RECORD EXTRACTS:
# # # #
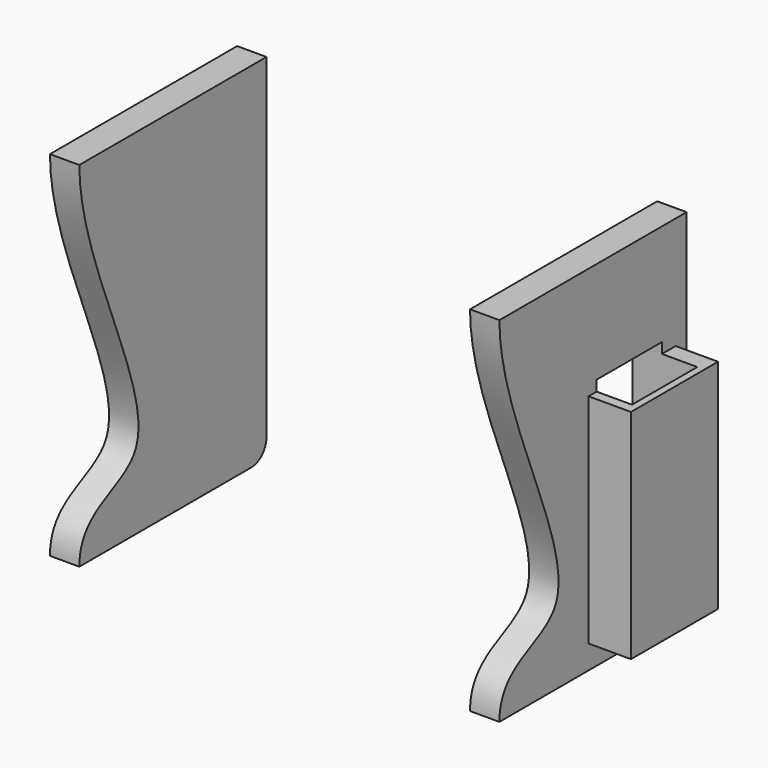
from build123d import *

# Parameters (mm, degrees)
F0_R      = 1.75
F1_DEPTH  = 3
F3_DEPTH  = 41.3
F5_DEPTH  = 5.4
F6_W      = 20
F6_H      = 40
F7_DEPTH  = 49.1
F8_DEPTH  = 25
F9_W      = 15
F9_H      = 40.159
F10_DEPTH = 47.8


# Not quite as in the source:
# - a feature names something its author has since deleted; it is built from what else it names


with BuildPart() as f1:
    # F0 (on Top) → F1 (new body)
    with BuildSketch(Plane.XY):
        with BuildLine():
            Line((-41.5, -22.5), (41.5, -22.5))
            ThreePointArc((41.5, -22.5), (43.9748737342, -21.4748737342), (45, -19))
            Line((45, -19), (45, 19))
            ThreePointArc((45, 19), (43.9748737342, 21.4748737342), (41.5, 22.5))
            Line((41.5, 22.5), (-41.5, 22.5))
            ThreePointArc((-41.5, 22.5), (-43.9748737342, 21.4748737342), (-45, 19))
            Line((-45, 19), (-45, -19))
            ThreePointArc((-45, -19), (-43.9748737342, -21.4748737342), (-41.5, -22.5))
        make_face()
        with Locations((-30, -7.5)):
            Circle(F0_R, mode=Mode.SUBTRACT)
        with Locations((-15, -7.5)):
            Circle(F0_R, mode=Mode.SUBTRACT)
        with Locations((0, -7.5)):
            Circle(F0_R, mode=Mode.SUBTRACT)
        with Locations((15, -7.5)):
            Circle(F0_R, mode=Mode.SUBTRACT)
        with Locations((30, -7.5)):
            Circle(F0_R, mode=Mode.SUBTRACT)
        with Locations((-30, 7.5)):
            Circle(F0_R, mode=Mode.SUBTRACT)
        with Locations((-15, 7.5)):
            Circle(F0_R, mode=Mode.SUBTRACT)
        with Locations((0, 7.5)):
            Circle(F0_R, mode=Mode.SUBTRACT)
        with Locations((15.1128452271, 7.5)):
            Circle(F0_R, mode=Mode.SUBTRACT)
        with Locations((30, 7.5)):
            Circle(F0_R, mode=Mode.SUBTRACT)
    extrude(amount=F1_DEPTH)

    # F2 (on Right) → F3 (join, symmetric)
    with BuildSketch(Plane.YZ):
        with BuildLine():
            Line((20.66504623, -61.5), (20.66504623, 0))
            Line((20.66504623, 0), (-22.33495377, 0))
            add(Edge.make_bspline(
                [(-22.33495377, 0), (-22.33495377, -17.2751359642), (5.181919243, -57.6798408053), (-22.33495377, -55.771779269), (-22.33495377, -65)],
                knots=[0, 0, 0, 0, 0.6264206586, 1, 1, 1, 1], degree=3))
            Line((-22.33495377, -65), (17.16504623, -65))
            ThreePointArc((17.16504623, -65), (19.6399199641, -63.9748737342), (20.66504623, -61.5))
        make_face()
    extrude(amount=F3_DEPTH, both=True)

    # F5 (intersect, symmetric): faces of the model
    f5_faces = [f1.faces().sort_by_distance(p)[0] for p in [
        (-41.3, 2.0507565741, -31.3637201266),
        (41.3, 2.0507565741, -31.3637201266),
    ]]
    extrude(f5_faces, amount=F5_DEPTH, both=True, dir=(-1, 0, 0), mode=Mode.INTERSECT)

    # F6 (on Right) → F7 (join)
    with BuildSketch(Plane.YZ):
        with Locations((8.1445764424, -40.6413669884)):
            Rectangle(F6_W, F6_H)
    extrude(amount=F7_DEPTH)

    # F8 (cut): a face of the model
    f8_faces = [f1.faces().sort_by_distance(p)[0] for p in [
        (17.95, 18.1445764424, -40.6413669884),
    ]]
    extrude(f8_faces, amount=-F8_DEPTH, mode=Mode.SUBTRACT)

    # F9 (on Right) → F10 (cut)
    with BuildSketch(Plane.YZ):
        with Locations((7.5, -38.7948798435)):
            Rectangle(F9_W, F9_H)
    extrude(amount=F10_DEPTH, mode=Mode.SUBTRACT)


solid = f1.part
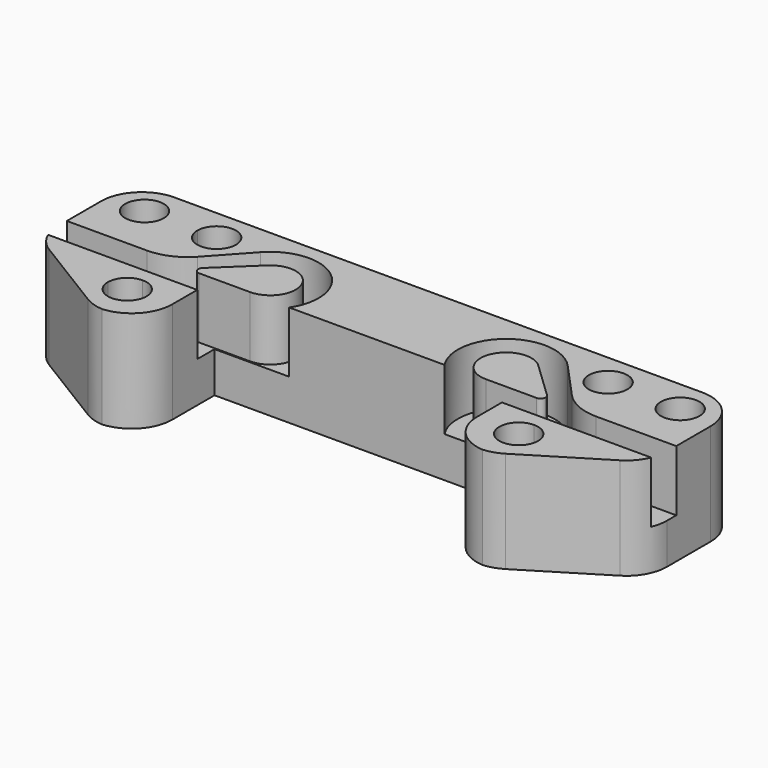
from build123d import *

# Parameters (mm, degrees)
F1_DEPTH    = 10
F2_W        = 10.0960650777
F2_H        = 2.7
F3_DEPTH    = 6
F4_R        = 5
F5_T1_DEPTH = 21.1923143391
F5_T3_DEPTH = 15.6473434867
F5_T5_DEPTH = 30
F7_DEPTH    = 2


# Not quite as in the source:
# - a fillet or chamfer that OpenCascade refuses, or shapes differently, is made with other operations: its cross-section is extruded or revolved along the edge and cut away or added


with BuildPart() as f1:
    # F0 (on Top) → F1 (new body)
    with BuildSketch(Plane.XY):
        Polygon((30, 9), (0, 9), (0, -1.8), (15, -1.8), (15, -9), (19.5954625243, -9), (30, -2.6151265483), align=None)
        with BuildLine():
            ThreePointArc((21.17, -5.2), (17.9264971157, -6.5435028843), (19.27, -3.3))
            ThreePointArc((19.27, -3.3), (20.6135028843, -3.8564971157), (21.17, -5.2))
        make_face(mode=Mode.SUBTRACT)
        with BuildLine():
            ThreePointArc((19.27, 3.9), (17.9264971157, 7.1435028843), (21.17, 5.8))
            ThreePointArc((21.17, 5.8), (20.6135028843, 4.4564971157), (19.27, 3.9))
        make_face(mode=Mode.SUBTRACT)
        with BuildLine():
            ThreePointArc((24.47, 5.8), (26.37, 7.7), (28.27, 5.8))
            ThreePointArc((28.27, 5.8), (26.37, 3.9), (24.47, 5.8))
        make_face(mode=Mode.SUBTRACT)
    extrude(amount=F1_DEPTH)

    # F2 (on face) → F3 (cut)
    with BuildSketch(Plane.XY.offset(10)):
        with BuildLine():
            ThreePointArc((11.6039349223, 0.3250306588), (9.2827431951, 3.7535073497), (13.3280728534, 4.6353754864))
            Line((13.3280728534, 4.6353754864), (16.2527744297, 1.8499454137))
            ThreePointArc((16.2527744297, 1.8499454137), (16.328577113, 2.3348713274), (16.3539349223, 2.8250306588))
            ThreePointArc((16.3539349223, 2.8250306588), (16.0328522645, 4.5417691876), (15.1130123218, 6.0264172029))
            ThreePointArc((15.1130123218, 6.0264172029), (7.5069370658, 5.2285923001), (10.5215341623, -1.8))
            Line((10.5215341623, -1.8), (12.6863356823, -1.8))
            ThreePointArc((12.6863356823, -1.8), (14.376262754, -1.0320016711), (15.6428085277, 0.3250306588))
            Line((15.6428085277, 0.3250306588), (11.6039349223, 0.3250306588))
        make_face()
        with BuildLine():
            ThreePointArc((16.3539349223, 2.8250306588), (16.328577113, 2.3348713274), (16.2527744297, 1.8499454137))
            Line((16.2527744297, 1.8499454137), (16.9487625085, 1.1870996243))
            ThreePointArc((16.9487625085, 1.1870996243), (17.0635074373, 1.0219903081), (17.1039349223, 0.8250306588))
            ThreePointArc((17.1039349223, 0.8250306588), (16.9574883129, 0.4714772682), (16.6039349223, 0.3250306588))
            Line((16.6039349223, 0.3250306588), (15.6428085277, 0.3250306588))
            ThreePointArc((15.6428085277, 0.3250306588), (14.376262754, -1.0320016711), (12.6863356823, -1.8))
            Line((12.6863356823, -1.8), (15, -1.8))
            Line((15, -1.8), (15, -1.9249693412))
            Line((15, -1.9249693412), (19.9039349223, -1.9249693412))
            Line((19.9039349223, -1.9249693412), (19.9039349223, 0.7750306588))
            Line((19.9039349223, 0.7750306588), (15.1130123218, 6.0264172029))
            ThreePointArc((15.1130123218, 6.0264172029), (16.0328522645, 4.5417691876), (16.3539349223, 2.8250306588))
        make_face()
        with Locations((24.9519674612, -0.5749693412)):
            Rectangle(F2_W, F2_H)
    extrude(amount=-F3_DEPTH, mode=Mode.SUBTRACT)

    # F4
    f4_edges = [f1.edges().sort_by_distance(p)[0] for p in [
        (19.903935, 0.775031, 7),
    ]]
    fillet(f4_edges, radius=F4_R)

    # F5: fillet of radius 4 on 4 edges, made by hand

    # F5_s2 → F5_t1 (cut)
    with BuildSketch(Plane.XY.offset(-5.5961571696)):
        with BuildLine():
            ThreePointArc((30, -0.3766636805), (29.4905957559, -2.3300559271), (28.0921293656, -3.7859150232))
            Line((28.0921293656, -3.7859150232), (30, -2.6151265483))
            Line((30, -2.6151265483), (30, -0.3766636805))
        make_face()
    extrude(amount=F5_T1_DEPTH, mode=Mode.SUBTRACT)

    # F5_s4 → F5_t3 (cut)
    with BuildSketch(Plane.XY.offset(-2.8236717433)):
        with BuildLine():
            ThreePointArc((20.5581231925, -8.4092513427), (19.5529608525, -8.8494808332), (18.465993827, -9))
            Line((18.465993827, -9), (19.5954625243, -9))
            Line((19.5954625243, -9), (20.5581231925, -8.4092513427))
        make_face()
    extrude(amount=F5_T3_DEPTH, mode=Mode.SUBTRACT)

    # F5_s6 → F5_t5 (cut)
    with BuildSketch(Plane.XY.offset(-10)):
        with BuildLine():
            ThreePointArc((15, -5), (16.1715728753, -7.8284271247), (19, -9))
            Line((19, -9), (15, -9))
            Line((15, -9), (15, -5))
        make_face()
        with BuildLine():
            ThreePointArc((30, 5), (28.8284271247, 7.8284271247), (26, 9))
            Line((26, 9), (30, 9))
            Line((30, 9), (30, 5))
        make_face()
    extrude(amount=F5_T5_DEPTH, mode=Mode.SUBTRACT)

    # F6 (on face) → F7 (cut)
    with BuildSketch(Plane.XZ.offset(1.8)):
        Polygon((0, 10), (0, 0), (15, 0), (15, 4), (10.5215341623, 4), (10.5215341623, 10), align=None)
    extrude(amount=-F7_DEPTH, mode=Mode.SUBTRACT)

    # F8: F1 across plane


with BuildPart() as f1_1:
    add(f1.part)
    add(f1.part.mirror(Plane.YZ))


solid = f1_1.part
# # # #
EXERCISE BRIEF:
Could you show every line of the listing that holds the string "join"?

EXPECTED ANSWER:
    # F2 (on Right) → F3 (join, symmetric)
    # F6 (on Right) → F7 (join)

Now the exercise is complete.